How does the SigNoz backend store this data?
There are two versions of the metric data tables in the SigNoz backend:
v2 (legacy but continues to be supported for backward compatibility)
There are two tables in the backend database that store the metric data:
- samples_v2: This table stores the metric values.
- timeseries_v2: This table stores the metadata of the time series such as the metric name, tags, and description.
The samples_v2
table has the following columns:
- metric_name: This is the name of the metric.
- fingerprint: This is the hash of the metric name and the tags.
- value: This is the value of the metric.
- timestamp_ms: This is the timestamp when the metric value was reported in milliseconds.
The timeseries_v2
table has the following columns:
- metric_name: This is the name of the metric.
- fingerprint: This is the hash of the metric name and the tags.
- labels: This is the tags of the time series.
- timestamp_ms: This is the timestamp when the time series was seen for the first time in milliseconds by SigNoz ingestior component since it started. There can be multiple replicas of ingestior components which are independent of each other. This means that the same time series can be reported multiple times from different replicas.
Note: some columns are not shown in the table above for brevity.
The above two tables are joined on the fingerprint
column to get the metric data. Continuing with the example above, the following is the data that is stored in the samples_v2
and timeseries_v2
tables:
samples_v2 table
metric_name | fingerprint | value | timestamp_ms |
---|---|---|---|
active_users | 1234567890 | 1 | 1729430400000 |
active_users | 1234567890 | 1 | 1729430460000 |
active_users | 1234567890 | 1 | 1729430520000 |
active_users | 1234567890 | 1 | 1729430580000 |
active_users | 1234567890 | 1 | 1729430640000 |
active_users | 1234567890 | 1 | 1729430700000 |
active_users | 1234567890 | 1 | 1729430760000 |
active_users | 1234567890 | 1 | 1729430820000 |
active_users | 1234567890 | 1 | 1729430880000 |
active_users | 1234567890 | 1 | 1729430940000 |
active_users | 1234567890 | 1 | 1729431000000 |
active_users | 1234567890 | 1 | 1729431060000 |
active_users | 1234567890 | 1 | 1729431120000 |
timeseries_v2 table
metric_name | fingerprint | labels | timestamp_ms |
---|---|---|---|
active_users | 1234567890 | user_type=paid | 1729430400000 |
v4
There are two tables in the backend database that store the metric data:
- samples_v4: This table stores the metric values.

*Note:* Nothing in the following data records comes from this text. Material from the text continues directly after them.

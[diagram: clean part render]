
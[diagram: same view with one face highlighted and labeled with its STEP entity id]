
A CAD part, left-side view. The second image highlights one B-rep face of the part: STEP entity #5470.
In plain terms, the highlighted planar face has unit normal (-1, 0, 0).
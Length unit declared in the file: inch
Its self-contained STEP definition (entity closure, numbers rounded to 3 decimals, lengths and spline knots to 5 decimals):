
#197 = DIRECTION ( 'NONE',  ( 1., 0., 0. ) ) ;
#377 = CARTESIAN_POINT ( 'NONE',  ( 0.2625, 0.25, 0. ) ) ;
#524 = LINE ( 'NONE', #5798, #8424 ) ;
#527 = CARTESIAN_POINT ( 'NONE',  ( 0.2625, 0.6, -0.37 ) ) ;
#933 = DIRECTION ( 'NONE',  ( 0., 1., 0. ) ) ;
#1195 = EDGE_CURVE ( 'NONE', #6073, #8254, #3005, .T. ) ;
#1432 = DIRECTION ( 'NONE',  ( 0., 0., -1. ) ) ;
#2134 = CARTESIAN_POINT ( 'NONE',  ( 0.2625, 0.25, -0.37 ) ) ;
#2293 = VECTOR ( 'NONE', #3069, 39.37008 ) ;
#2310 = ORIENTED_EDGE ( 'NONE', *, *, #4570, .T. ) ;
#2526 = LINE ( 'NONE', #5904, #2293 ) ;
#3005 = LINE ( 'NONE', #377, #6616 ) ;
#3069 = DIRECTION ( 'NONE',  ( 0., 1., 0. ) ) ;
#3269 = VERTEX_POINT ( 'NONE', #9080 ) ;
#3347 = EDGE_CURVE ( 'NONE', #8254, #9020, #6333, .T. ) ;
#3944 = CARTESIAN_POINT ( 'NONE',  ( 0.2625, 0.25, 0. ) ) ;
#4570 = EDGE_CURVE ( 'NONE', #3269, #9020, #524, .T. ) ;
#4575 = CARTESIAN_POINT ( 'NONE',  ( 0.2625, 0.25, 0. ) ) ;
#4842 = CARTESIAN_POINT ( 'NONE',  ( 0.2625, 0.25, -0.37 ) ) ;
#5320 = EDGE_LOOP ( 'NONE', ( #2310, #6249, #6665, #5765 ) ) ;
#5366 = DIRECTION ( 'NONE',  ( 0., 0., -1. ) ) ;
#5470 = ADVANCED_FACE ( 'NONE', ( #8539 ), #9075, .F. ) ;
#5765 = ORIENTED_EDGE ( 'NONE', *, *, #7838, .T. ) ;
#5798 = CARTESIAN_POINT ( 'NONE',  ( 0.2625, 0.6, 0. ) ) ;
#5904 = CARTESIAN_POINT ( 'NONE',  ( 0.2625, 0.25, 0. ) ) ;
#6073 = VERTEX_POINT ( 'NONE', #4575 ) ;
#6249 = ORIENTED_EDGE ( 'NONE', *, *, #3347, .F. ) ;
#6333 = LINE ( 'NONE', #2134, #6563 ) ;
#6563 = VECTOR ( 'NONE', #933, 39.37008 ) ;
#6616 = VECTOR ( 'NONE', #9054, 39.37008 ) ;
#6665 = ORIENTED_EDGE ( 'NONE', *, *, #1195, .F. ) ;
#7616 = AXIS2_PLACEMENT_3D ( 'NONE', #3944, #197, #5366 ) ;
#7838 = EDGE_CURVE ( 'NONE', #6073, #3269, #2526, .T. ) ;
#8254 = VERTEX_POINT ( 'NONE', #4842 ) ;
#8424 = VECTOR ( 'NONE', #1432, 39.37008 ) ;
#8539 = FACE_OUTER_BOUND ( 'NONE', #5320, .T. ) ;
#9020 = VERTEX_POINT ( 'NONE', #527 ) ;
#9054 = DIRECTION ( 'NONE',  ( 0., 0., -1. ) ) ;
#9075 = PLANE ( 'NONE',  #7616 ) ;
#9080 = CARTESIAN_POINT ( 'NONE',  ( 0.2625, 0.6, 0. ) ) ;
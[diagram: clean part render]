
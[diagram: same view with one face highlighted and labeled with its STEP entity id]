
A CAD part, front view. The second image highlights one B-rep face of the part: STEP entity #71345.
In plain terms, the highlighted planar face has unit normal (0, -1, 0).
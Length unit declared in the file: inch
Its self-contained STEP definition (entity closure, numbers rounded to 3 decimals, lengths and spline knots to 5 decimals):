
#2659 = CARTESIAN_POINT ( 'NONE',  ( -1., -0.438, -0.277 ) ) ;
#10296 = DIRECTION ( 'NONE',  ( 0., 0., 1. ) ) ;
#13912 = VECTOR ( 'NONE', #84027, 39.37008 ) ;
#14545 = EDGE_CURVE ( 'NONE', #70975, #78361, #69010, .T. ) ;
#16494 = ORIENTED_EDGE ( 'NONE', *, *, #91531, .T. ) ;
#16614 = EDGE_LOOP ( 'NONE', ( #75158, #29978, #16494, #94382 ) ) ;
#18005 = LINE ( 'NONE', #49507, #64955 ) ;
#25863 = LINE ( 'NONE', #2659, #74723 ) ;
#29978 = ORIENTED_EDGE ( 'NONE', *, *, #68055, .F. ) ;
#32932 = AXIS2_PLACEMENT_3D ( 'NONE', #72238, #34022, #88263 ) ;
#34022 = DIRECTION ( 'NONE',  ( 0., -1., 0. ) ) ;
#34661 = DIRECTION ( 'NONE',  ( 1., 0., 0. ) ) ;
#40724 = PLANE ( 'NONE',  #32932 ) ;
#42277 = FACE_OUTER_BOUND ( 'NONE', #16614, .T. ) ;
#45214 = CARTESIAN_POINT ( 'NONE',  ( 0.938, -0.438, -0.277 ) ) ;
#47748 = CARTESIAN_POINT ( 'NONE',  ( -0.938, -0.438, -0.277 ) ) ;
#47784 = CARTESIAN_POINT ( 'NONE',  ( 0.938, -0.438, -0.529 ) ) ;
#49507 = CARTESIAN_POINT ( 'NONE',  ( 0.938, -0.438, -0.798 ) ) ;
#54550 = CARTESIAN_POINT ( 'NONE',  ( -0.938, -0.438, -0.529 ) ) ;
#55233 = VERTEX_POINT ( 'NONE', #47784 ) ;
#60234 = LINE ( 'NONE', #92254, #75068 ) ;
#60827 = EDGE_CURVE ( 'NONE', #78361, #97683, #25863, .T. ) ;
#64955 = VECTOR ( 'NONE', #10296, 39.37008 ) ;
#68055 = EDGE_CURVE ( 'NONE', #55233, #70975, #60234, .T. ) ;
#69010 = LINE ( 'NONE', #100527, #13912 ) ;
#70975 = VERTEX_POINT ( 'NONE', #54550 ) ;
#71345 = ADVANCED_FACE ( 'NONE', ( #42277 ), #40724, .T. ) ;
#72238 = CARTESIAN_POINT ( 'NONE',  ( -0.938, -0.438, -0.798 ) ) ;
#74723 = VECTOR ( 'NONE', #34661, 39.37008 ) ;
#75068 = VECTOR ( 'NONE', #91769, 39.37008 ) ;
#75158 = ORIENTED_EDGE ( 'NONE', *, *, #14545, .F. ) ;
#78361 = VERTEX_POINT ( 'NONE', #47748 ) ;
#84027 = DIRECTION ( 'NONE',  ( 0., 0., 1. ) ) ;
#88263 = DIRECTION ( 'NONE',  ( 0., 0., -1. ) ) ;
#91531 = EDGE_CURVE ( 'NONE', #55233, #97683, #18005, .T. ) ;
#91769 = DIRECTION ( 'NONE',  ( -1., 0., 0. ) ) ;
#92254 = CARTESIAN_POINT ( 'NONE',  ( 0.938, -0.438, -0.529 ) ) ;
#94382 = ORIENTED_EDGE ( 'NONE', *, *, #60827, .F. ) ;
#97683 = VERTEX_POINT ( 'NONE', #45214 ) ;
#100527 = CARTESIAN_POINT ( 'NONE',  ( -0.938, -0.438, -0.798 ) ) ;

- timeseries_v4: This table stores the metadata of the time series such as the metric name, tags, and description.
The samples_v4
table has the following columns:
- metric_name: This is the name of the metric.
- fingerprint: This is the hash of the metric name and the tags.
- value: This is the value of the metric.
- unix_milli: This is the timestamp when the metric value was reported in milliseconds.
The timeseries_v4
table has the following columns:
- metric_name: This is the name of the metric.
- fingerprint: This is the hash of the metric name and the tags.
- labels: This is the tags of the time series.
- unix_milli: This is the timestamp rounded to the nearest hour when the metric value was reported i.e there will be one entry for every hour for a given time series.
Note: some columns are not shown in the table above for brevity.
The above two tables are joined on the fingerprint
column to get the metric data. Continuing with the example above, the following is the data that is stored in the samples_v4
and timeseries_v4
tables:
samples_v4 table
metric_name | fingerprint | value | unix_milli |
---|---|---|---|
active_users | 1234567890 | 1 | 1729430400000 |
active_users | 1234567890 | 1 | 1729430460000 |
active_users | 1234567890 | 1 | 1729430520000 |
... | ... | ... | ... |
timeseries_v4 table
metric_name | fingerprint | labels | unix_milli |
---|---|---|---|
active_users | 1234567890 | user_type=paid | 1729429200000 |
... | ... | ... | ... |
As you can see, the timeseries_v4
table has one entry for every hour for a given time series. If the same series is continued to be reported, a new entry is added for the next hour and so on.